◆ **RECORDS FOR THIS EXERCISE**:
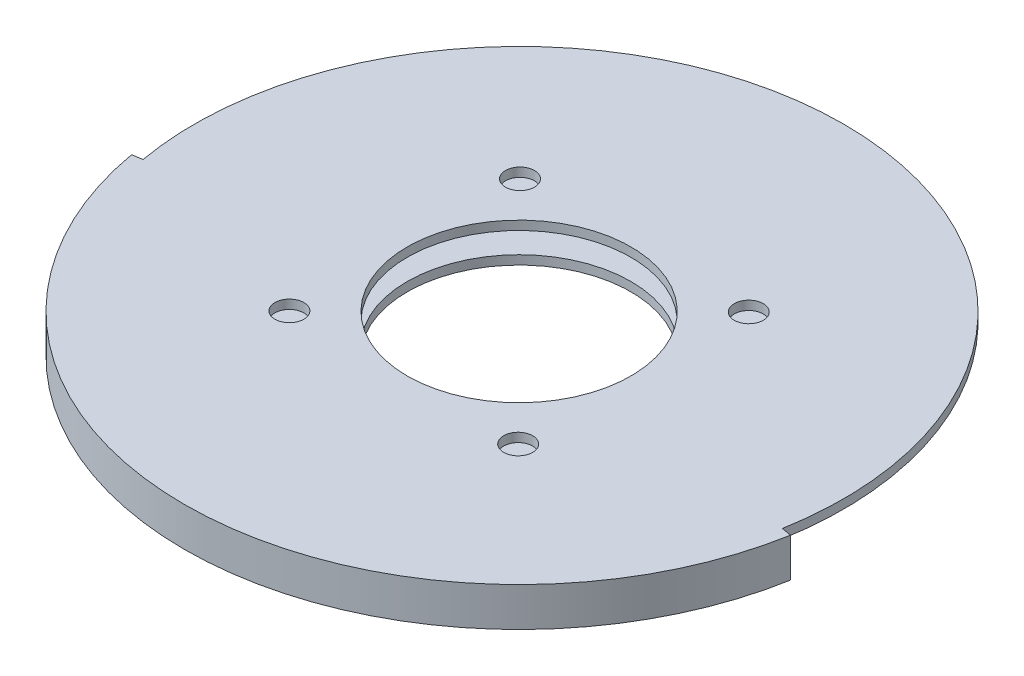
from build123d import *

# Parameters (mm, degrees)
SKETCH_1_R          = 32.5
EXTRUDE_1_DEPTH     = 0.9
EXTRUDE_START       = -3.9
EXTRUDE_1_2_DEPTH   = 3.9
SKETCH_3_R          = 29
EXTRUDE_2_DEPTH     = 0.9
EXTRUDE_2_2_DEPTH   = 0.9
SKETCH_5_R          = 1.45
SKETCH_5_R_2        = 11.2
CUT_EXTRUDE_1_DEPTH = 3.9


with BuildPart() as part:
    # 草图1 → Extrude 1 (new body)
    with BuildSketch(Plane(origin=(0, 477.404389455, 0), x_dir=(1, 0, 0), z_dir=(0, 1, 0))):
        with Locations(Location((0, 0, 0), (0, 0, 270))):
            Circle(SKETCH_1_R)
    extrude(amount=EXTRUDE_1_DEPTH)

    # 草图2 → Extrude 1 2 (add)
    with BuildSketch(Plane(origin=(0, 478.304389455, 0), x_dir=(1, 0, 0), z_dir=(0, 1, 0)).offset(EXTRUDE_START)):
        with BuildLine():
            ThreePointArc((-32.006251973, -5.643565774), (0, -32.5), (32.006251973, -5.643565774))
            Line((32.006251973, -5.643565774), (32.991059726, -5.817213952))
            ThreePointArc((32.991059726, -5.817213952), (0, -33.5), (-32.991059726, -5.817213952))
            Line((-32.991059726, -5.817213952), (-32.006251973, -5.643565774))
        make_face()
    extrude(amount=EXTRUDE_1_2_DEPTH)



with BuildPart() as body_2:
    # 草图3 → Extrude 2 (new body)
    with BuildSketch(Plane.XZ.offset(-474.404389455)):
        with Locations(Location((0, 0, 0), (0, 0, 270))):
            Circle(SKETCH_3_R)
    extrude(amount=-EXTRUDE_2_DEPTH)


with BuildPart() as part_1:
    add(part.part)

    add(body_2.part)  # Extrude 2 2 merges body 2
    # 草图4 → Extrude 2 2 (add)
    with BuildSketch(Plane.XZ.offset(-474.404389455)):
        with BuildLine():
            ThreePointArc((32.006251973, 5.643565774), (0, 32.5), (-32.006251973, 5.643565774))
            Line((-32.006251973, 5.643565774), (-28.559424837, 5.035797152))
            ThreePointArc((-28.559424837, 5.035797152), (0, 29), (28.559424837, 5.035797152))
            Line((28.559424837, 5.035797152), (32.006251973, 5.643565774))
        make_face()
    extrude(amount=-EXTRUDE_2_2_DEPTH)

    # 草图5 → 切除-拉伸1 (cut)
    with BuildSketch(Plane(origin=(0, 478.304389455, 0), x_dir=(1, 0, 0), z_dir=(0, 1, 0))):
        with Locations(Location((11.545745571, 11.45407173, 0), (0, 0, 270))):
            Circle(SKETCH_5_R)
        with Locations(Location((11.45407173, -11.545745571, 0), (0, 0, 270))):
            Circle(SKETCH_5_R)
        with Locations(Location((-11.545745571, -11.45407173, 0), (0, 0, 270))):
            Circle(SKETCH_5_R)
        with Locations(Location((-11.45407173, 11.545745571, 0), (0, 0, 270))):
            Circle(SKETCH_5_R)
        with Locations(Location((0, 0, 0), (0, 0, 270))):
            Circle(SKETCH_5_R_2)
    extrude(amount=-CUT_EXTRUDE_1_DEPTH, mode=Mode.SUBTRACT)


solid = part_1.part

◆ **ACTIVITY**: Please return each line of the data above in which the word "origin" occurs.

◆ **YOUR SOLUTION**:
    with BuildSketch(Plane(origin=(0, 477.404389455, 0), x_dir=(1, 0, 0), z_dir=(0, 1, 0))):
    with BuildSketch(Plane(origin=(0, 478.304389455, 0), x_dir=(1, 0, 0), z_dir=(0, 1, 0)).offset(EXTRUDE_START)):
    with BuildSketch(Plane(origin=(0, 478.304389455, 0), x_dir=(1, 0, 0), z_dir=(0, 1, 0))):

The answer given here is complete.